From the data below, copy exactly the lines that lie between the one holding "#108=LINE('',#107,#106);" and the one holding "#120=ADVANCED_FACE('F149',(#119),#103,.T.);", including both, and nothing more.
● ● ● ●
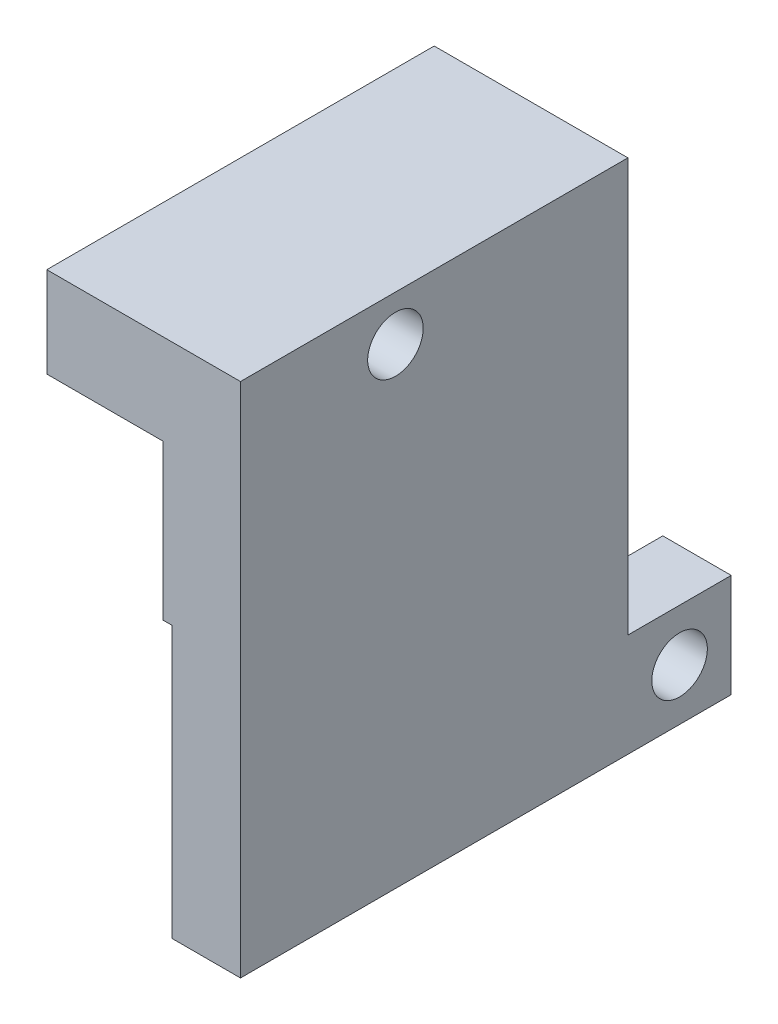
ISO-10303-21;
HEADER;
FILE_DESCRIPTION(('STEP AP214'),'2;1');
FILE_NAME('part.step','',(''),(''),'','','');
FILE_SCHEMA(('AUTOMOTIVE_DESIGN { 1 0 10303 214 1 1 1 1 }'));
ENDSEC;
DATA;
#1=APPLICATION_CONTEXT('core data for automotive mechanical design processes');
#2=APPLICATION_PROTOCOL_DEFINITION('international standard','automotive_design',2000,#1);
#3=PRODUCT_CONTEXT('',#1,'mechanical');
#4=PRODUCT('Part','Part','',(#3));
#5=PRODUCT_RELATED_PRODUCT_CATEGORY('part','',(#4));
#6=PRODUCT_DEFINITION_FORMATION('','',#4);
#7=PRODUCT_DEFINITION_CONTEXT('part definition',#1,'design');
#8=PRODUCT_DEFINITION('design','',#6,#7);
#9=PRODUCT_DEFINITION_SHAPE('','',#8);
#10=(LENGTH_UNIT() NAMED_UNIT(*) SI_UNIT(.MILLI.,.METRE.));
#11=(NAMED_UNIT(*) PLANE_ANGLE_UNIT() SI_UNIT($,.RADIAN.));
#12=(NAMED_UNIT(*) SI_UNIT($,.STERADIAN.) SOLID_ANGLE_UNIT());
#13=UNCERTAINTY_MEASURE_WITH_UNIT(LENGTH_MEASURE(1.E-05),#10,'distance_accuracy_value','');
#14=(GEOMETRIC_REPRESENTATION_CONTEXT(3) GLOBAL_UNCERTAINTY_ASSIGNED_CONTEXT((#13)) GLOBAL_UNIT_ASSIGNED_CONTEXT((#10,
#11,#12)) REPRESENTATION_CONTEXT('',''));
#15=CARTESIAN_POINT('',(0.,0.,0.));
#16=DIRECTION('',(0.,0.,1.));
#17=DIRECTION('',(1.,0.,0.));
#18=AXIS2_PLACEMENT_3D('',#15,#16,#17);
#19=CARTESIAN_POINT('',(4.83870967741938,-20.,0.));
#20=DIRECTION('',(0.,1.,0.));
#21=DIRECTION('',(0.,0.,1.));
#22=AXIS2_PLACEMENT_3D('',#19,#20,#21);
#23=PLANE('',#22);
#24=DIRECTION('',(1.,0.,0.));
#25=VECTOR('',#24,1.);
#26=CARTESIAN_POINT('',(11.4193548387097,-20.,-39.4516129032258));
#27=LINE('',#26,#25);
#28=CARTESIAN_POINT('',(12.1193548387097,-20.,-39.4516129032258));
#29=VERTEX_POINT('',#28);
#30=CARTESIAN_POINT('',(17.4193548387097,-20.,-39.4516129032258));
#31=VERTEX_POINT('',#30);
#32=EDGE_CURVE('E143',#29,#31,#27,.T.);
#33=ORIENTED_EDGE('',*,*,#32,.T.);
#34=DIRECTION('',(0.,0.,1.));
#35=VECTOR('',#34,1.);
#36=CARTESIAN_POINT('',(17.4193548387097,-20.,-31.4516129032258));
#37=LINE('',#36,#35);
#38=CARTESIAN_POINT('',(17.4193548387097,-20.,-1.45161290322579));
#39=VERTEX_POINT('',#38);
#40=EDGE_CURVE('E192',#31,#39,#37,.T.);
#41=ORIENTED_EDGE('',*,*,#40,.T.);
#42=DIRECTION('',(1.,0.,0.));
#43=VECTOR('',#42,1.);
#44=CARTESIAN_POINT('',(2.41835483870969,-20.,-1.45161290322578));
#45=LINE('',#44,#43);
#46=CARTESIAN_POINT('',(12.1193548387097,-20.,-1.45161290322579));
#47=VERTEX_POINT('',#46);
#48=EDGE_CURVE('E145',#47,#39,#45,.T.);
#49=ORIENTED_EDGE('',*,*,#48,.F.);
#50=DIRECTION('',(0.,0.,-1.));
#51=VECTOR('',#50,1.);
#52=CARTESIAN_POINT('',(12.1193548387097,-20.,-31.4516129032258));
#53=LINE('',#52,#51);
#54=EDGE_CURVE('E130',#47,#29,#53,.T.);
#55=ORIENTED_EDGE('',*,*,#54,.T.);
#56=EDGE_LOOP('',(#33,#41,#49,#55));
#57=FACE_BOUND('',#56,.T.);
#58=ADVANCED_FACE('F45',(#57),#23,.F.);
#59=CARTESIAN_POINT('',(11.4193548387097,-12.,-39.4516129032258));
#60=DIRECTION('',(0.,-1.,0.));
#61=DIRECTION('',(0.,0.,-1.));
#62=AXIS2_PLACEMENT_3D('',#59,#60,#61);
#63=PLANE('',#62);
#64=DIRECTION('',(0.,0.,1.));
#65=VECTOR('',#64,1.);
#66=CARTESIAN_POINT('',(12.1193548387097,-12.,-31.4516129032258));
#67=LINE('',#66,#65);
#68=CARTESIAN_POINT('',(12.1193548387097,-12.,-39.4516129032258));
#69=VERTEX_POINT('',#68);
#70=CARTESIAN_POINT('',(12.1193548387097,-12.,-31.4516129032258));
#71=VERTEX_POINT('',#70);
#72=EDGE_CURVE('E133',#69,#71,#67,.T.);
#73=ORIENTED_EDGE('',*,*,#72,.T.);
#74=DIRECTION('',(-1.,0.,0.));
#75=VECTOR('',#74,1.);
#76=CARTESIAN_POINT('',(11.4193548387097,-12.,-31.4516129032258));
#77=LINE('',#76,#75);
#78=CARTESIAN_POINT('',(17.4193548387097,-12.,-31.4516129032258));
#79=VERTEX_POINT('',#78);
#80=EDGE_CURVE('E153',#79,#71,#77,.T.);
#81=ORIENTED_EDGE('',*,*,#80,.F.);
#82=DIRECTION('',(0.,0.,1.));
#83=VECTOR('',#82,1.);
#84=CARTESIAN_POINT('',(17.4193548387097,-12.,-39.4516129032258));
#85=LINE('',#84,#83);
#86=CARTESIAN_POINT('',(17.4193548387097,-12.,-39.4516129032258));
#87=VERTEX_POINT('',#86);
#88=EDGE_CURVE('E166',#87,#79,#85,.T.);
#89=ORIENTED_EDGE('',*,*,#88,.F.);
#90=DIRECTION('',(-1.,0.,0.));
#91=VECTOR('',#90,1.);
#92=CARTESIAN_POINT('',(11.4193548387097,-12.,-39.4516129032258));
#93=LINE('',#92,#91);
#94=EDGE_CURVE('E157',#87,#69,#93,.T.);
#95=ORIENTED_EDGE('',*,*,#94,.T.);
#96=EDGE_LOOP('',(#73,#81,#89,#95));
#97=FACE_BOUND('',#96,.T.);
#98=ADVANCED_FACE('F303',(#97),#63,.F.);
#99=CARTESIAN_POINT('',(4.83870967741938,0.,-39.4516129032258));
#100=DIRECTION('',(0.,0.,-1.));
#101=DIRECTION('',(1.,0.,0.));
#102=AXIS2_PLACEMENT_3D('',#99,#100,#101);
#103=PLANE('',#102);
#104=ORIENTED_EDGE('',*,*,#94,.F.);
#105=DIRECTION('',(0.,1.,0.));
#106=VECTOR('',#105,1.);
#107=CARTESIAN_POINT('',(17.4193548387097,-12.,-39.4516129032258));
#108=LINE('',#107,#106);
#109=EDGE_CURVE('E150',#31,#87,#108,.T.);
#110=ORIENTED_EDGE('',*,*,#109,.F.);
#111=ORIENTED_EDGE('',*,*,#32,.F.);
#112=DIRECTION('',(0.,1.,0.));
#113=VECTOR('',#112,1.);
#114=CARTESIAN_POINT('',(12.1193548387097,-12.,-39.4516129032258));
#115=LINE('',#114,#113);
#116=EDGE_CURVE('E126',#29,#69,#115,.T.);
#117=ORIENTED_EDGE('',*,*,#116,.T.);
#118=EDGE_LOOP('',(#104,#110,#111,#117));
#119=FACE_BOUND('',#118,.T.);
#120=ADVANCED_FACE('F149',(#119),#103,.T.);
#121=CARTESIAN_POINT('',(2.41935483870969,-16.,-35.4516129032258));
#122=DIRECTION('',(1.,0.,0.));
#123=DIRECTION('',(0.,0.,1.));
#124=AXIS2_PLACEMENT_3D('',#121,#122,#123);
#125=CYLINDRICAL_SURFACE('',#124,2.15);
#126=CARTESIAN_POINT('',(17.4193548387097,-16.,-35.4516129032258));
#127=DIRECTION('',(-1.,0.,0.));
#128=DIRECTION('',(0.,0.,1.));
#129=AXIS2_PLACEMENT_3D('',#126,#127,#128);
#130=CIRCLE('',#129,2.15);
#131=CARTESIAN_POINT('',(17.4193548387097,-16.,-33.3016129032258));
#132=VERTEX_POINT('',#131);
#133=EDGE_CURVE('E160',#132,#132,#130,.T.);
#134=ORIENTED_EDGE('',*,*,#133,.F.);
#135=EDGE_LOOP('',(#134));
#136=FACE_BOUND('',#135,.T.);
#137=CARTESIAN_POINT('',(12.1193548387097,-16.,-35.4516129032258));
#138=DIRECTION('',(1.,0.,0.));
#139=DIRECTION('',(0.,0.,-1.));
#140=AXIS2_PLACEMENT_3D('',#137,#138,#139);
#141=CIRCLE('',#140,2.15);
#142=CARTESIAN_POINT('',(12.1193548387097,-16.,-37.6016129032258));
#143=VERTEX_POINT('',#142);
#144=EDGE_CURVE('E260',#143,#143,#141,.F.);
#145=ORIENTED_EDGE('',*,*,#144,.T.);
#146=EDGE_LOOP('',(#145));
#147=FACE_BOUND('',#146,.T.);
#148=ADVANCED_FACE('F253',(#136,#147),#125,.F.);
#149=CARTESIAN_POINT('',(11.4193548387097,20.,-31.4516129032258));
#150=DIRECTION('',(1.,0.,0.));
#151=DIRECTION('',(0.,0.,1.));
#152=AXIS2_PLACEMENT_3D('',#149,#150,#151);
#153=PLANE('',#152);
#154=DIRECTION('',(0.,1.,0.));
#155=VECTOR('',#154,1.);
#156=CARTESIAN_POINT('',(11.4193548387097,20.,-1.4516129032258));
#157=LINE('',#156,#155);
#158=CARTESIAN_POINT('',(11.4193548387097,0.999999999999997,-1.45161290322578));
#159=VERTEX_POINT('',#158);
#160=CARTESIAN_POINT('',(11.4193548387097,13.,-1.45161290322579));
#161=VERTEX_POINT('',#160);
#162=EDGE_CURVE('E216',#159,#161,#157,.T.);
#163=ORIENTED_EDGE('',*,*,#162,.T.);
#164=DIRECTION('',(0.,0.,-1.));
● ● ● ●
* SOLVED PROBLEM
#108=LINE('',#107,#106);
#109=EDGE_CURVE('E150',#31,#87,#108,.T.);
#110=ORIENTED_EDGE('',*,*,#109,.F.);
#111=ORIENTED_EDGE('',*,*,#32,.F.);
#112=DIRECTION('',(0.,1.,0.));
#113=VECTOR('',#112,1.);
#114=CARTESIAN_POINT('',(12.1193548387097,-12.,-39.4516129032258));
#115=LINE('',#114,#113);
#116=EDGE_CURVE('E126',#29,#69,#115,.T.);
#117=ORIENTED_EDGE('',*,*,#116,.T.);
#118=EDGE_LOOP('',(#104,#110,#111,#117));
#119=FACE_BOUND('',#118,.T.);
#120=ADVANCED_FACE('F149',(#119),#103,.T.);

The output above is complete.